EV Electrical Systems BASICS!

AEM Electronics

2 Sept 202107:41

Summary

TLDRThe video explores the exciting shift towards electric vehicle (EV) electrification, emphasizing its impact on motorsports and performance cars. It breaks down the complexities of EV electrical systems into three main subsystems: high voltage, low voltage, and CAN networks. Key components like battery packs, inverters, and power distribution units are discussed, highlighting their roles in vehicle performance and safety. The integration of these systems enables enthusiasts to enjoy tailored driving experiences while ensuring safety through advanced monitoring and control features.

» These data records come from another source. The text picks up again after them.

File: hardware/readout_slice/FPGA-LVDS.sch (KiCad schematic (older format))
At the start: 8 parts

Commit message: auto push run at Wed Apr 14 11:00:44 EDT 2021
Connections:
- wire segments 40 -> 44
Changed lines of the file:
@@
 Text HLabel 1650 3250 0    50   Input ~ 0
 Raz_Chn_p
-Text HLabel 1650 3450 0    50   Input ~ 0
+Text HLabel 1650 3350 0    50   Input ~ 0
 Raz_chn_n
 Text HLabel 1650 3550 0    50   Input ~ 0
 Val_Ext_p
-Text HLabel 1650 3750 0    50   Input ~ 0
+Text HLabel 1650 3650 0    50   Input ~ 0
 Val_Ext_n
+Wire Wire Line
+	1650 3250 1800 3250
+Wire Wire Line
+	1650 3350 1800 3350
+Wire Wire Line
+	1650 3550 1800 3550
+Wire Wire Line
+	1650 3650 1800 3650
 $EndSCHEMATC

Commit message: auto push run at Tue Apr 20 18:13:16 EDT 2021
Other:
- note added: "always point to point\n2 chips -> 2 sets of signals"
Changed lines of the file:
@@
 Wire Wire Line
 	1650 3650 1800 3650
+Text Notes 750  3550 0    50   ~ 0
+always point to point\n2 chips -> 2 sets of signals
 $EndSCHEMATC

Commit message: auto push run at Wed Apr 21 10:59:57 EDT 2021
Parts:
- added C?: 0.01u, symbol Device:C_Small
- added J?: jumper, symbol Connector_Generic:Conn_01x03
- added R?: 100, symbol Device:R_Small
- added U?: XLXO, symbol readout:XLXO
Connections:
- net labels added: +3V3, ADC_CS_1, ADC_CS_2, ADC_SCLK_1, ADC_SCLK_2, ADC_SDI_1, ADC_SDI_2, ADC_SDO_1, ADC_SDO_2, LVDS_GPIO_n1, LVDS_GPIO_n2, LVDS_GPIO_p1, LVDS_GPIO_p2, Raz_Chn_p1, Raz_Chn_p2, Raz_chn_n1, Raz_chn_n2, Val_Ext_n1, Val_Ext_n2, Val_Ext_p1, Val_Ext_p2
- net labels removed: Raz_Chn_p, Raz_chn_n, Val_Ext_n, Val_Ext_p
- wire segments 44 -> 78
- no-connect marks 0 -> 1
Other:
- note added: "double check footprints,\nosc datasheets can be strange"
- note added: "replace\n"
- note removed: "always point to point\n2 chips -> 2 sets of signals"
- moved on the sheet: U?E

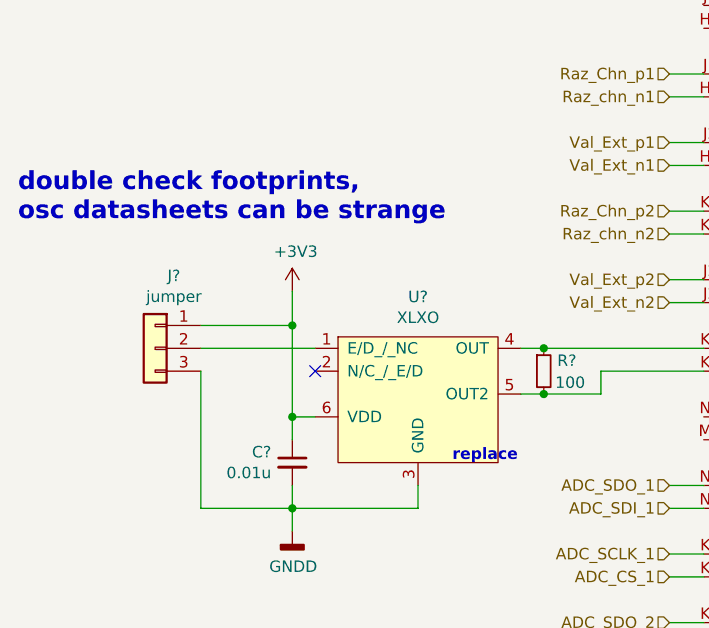
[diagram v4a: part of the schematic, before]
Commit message: removed zx2, added sfp for serdes from dan's vice board
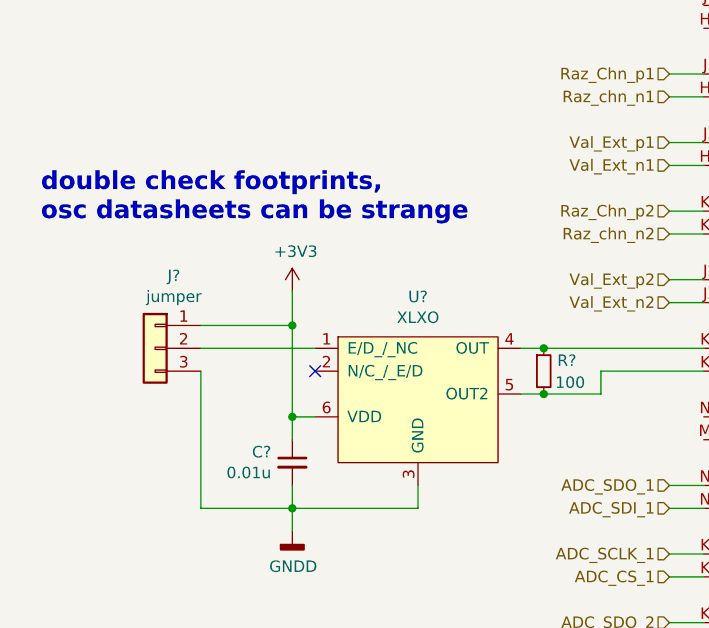
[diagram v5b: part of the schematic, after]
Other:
- note removed: "replace\n"
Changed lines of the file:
@@
 $Descr A4 11693 8268
 encoding utf-8
-Sheet 5 14
+Sheet 3 11
 Title ""
 Date ""
@@
 Wire Wire Line
 	1500 4450 1000 4450
-Text Notes 2100 4950 0    50   ~ 10
-replace\n
 NoConn ~ 1500 4550
 Text HLabel 3050 5050 0    50   Input ~ 0
@@
 Text HLabel 3050 5950 0    50   Input ~ 0
 ADC_SCLK_2
-Text Notes 200  3900 0    79   ~ 16
+Text Notes 300  3900 0    79   ~ 16
 double check footprints,\nosc datasheets can be strange
 $Comp

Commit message: auto push run at Wed Apr 28 10:36:58 EDT 2021
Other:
- moved on the sheet: C?, J?, R?, U?, U?E

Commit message: working on power
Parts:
- added U? (x2): Vcc0_2v5, symbol readout:VccSFP
- added U?: Vcc0_3v3, symbol readout:Vcc0
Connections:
- net +3V3 is gone; now on net VCC: C?.1, J?.1 (Pin_1), U?.6 (VDD)
- net +2V5 renamed VCC
- net VCC: now also U?.1 (VCC), U?.1 (VCC), U?.1 (VCC)
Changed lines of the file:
@@
 Text Notes 3450 1700 0    157  ~ 31
 LVDS Bank
-$Comp
-L power:+2V5 #PWR?
-U 1 1 607849FE
-P 11000 700
-F 0 "#PWR?" H 11000 550 50  0001 C CNN
-F 1 "+2V5" H 11000 850 50  0000 C CNB
-F 2 "" H 11000 700 50  0001 C CNN
-F 3 "" H 11000 700 50  0001 C CNN
-	1    11000 700
-	1    0    0    -1
-$EndComp
 Wire Wire Line
 	11000 800  11000 750
@@
 	11000 1150 11000 1050
 Connection ~ 11000 1050
-$Comp
-L power:+2V5 #PWR?
-U 1 1 6079C1E3
-P 6900 1750
-F 0 "#PWR?" H 6900 1600 50  0001 C CNN
-F 1 "+2V5" H 6900 1900 50  0000 C CNB
-F 2 "" H 6900 1750 50  0001 C CNN
-F 3 "" H 6900 1750 50  0001 C CNN
-	1    6900 1750
-	1    0    0    -1
-$EndComp
 Wire Wire Line
 	6900 1950 6900 1900
@@
 Connection ~ 3450 4200
 $Comp
-L power:+3V3 #PWR?
-U 1 1 6091AF5E
-P 3450 3650
-F 0 "#PWR?" H 3450 3500 50  0001 C CNN
-F 1 "+3V3" H 3465 3823 50  0000 C CNN
-F 2 "" H 3450 3650 50  0001 C CNN
-F 3 "" H 3450 3650 50  0001 C CNN
-	1    3450 3650
-	1    0    0    -1
-$EndComp
-$Comp
 L Device:R_Small R?
 U 1 1 609246AE
@@
 Wire Wire Line
 	3450 3800 3450 3650
+$Comp
+L readout:VccSFP U?
+U 1 1 60AB36FC
+P 6900 1650
+AR Path="/62251D77/60AB36FC" Ref="U?"  Part="1"
+AR Path="/60768143/60AB36FC" Ref="U?"  Part="1"
+F 0 "U?" H 6900 1650 79  0001 C CNN
+F 1 "Vcc0_2v5" H 6750 1700 47  0000 L CNB
+F 2 "" H 6900 1650 79  0001 C CNN
+F 3 "" H 6900 1650 79  0001 C CNN
+	1    6900 1650
+	1    0    0    -1
+$EndComp
+$Comp
+L readout:VccSFP U?
+U 1 1 60AB9DC8
+P 11000 600
+AR Path="/62251D77/60AB9DC8" Ref="U?"  Part="1"
+AR Path="/60768143/60AB9DC8" Ref="U?"  Part="1"
+F 0 "U?" H 11000 600 79  0001 C CNN
+F 1 "Vcc0_2v5" H 10850 650 47  0000 L CNB
+F 2 "" H 11000 600 79  0001 C CNN
+F 3 "" H 11000 600 79  0001 C CNN
+	1    11000 600
+	1    0    0    -1
+$EndComp
+$Comp
+L readout:Vcc0 U?
+U 1 1 60D73E04
+P 3450 3550
+AR Path="/6076C700/60D73E04" Ref="U?"  Part="1"
+AR Path="/62251D77/60D73E04" Ref="U?"  Part="1"
+AR Path="/608CAA95/60D73E04" Ref="U?"  Part="1"
+AR Path="/60768143/60D73E04" Ref="U?"  Part="1"
+F 0 "U?" H 3450 3550 79  0001 C CNN
+F 1 "Vcc0_3v3" H 3300 3600 47  0000 L CNB
+F 2 "" H 3450 3550 79  0001 C CNN
+F 3 "" H 3450 3550 79  0001 C CNN
+	1    3450 3550
+	1    0    0    -1
+$EndComp
 $EndSCHEMATC

Overall, the content offers an insightful overview of the technology driving the future of electric propulsion.

Takeaways

🚗 The shift toward vehicle electrification is opening new frontiers for high-performance propulsion in both motorsports and street vehicles.
🔋 Electric vehicle (EV) systems can be categorized into three main subsystems: high voltage, low voltage, and multiple CAN networks.
⚡ High voltage systems are powered by batteries typically exceeding 200 volts, which include components like contactors, inverters, and DC to DC converters.
🔌 An on-board charger converts grid AC power to high voltage DC power to charge the high voltage battery.
🏎️ Motors propel the vehicle and require an inverter to convert high voltage DC from the battery into regulated AC voltage.
🛠️ The AEM VCU (Vehicle Control Unit) plays a crucial role in managing power delivery and safety features during operation.
🔄 The low voltage circuit powers standard vehicle accessories and can be retained from internal combustion engine vehicles during conversion.
💡 Power Distribution Units (PDU8) simplify the control of low voltage systems by allowing centralized management through the VCU.
🌐 CAN bus networking facilitates communication between multiple devices, improving wiring efficiency and system integration.
🔒 Advanced safety features, including pre-checks and voltage regulation, enhance the reliability and enjoyment of EV conversions.

Q & A

What are the three main subsystems in electric vehicle (EV) electrical systems?
-The three main subsystems are the high voltage circuit, low voltage circuit, and multiple CAN networks.
What is the role of the high voltage battery in an EV?
-The high voltage battery, typically over 200 volts, supplies power to high voltage components like the motor, inverter combos, and the DC to DC converter.
How does an on-board charger function in an EV system?
-An on-board charger converts grid AC power to high voltage DC power to charge the high voltage battery.
What is a DC to DC converter and how does it work?
-A DC to DC converter acts like an alternator in internal combustion engine vehicles, converting high voltage power to maintain the charge of the low voltage battery.
How are motor inverters used in electric vehicles?
-Motor inverters convert high voltage DC power from the battery to regulated AC voltage for motor propulsion, and each motor requires its own inverter.
What advantages do EV conversions have regarding low voltage systems?
-EV conversions can retain the existing low voltage systems from internal combustion engine vehicles, making the transition easier.
What is the function of the PDU8 power distribution unit?
-The PDU8 power distribution unit allows for the control of 12-volt switch devices through the VCU, simplifying wiring and programming.
What is CAN bus networking and why is it beneficial in EV systems?
-CAN bus networking allows multiple devices to share data over a two-wire network, simplifying wiring and enhancing communication between components.
How does the VCU improve performance and safety in EV conversions?
-The VCU integrates multiple systems, receiving data from various devices to ensure optimal performance and safety through pre-checks and real-time monitoring.
What safety features are incorporated into the EV conversion systems?
-Safety features include redundant pre-checks before startup, voltage regulation based on battery temperatures, and checks on pedal sensor voltages to prevent failures.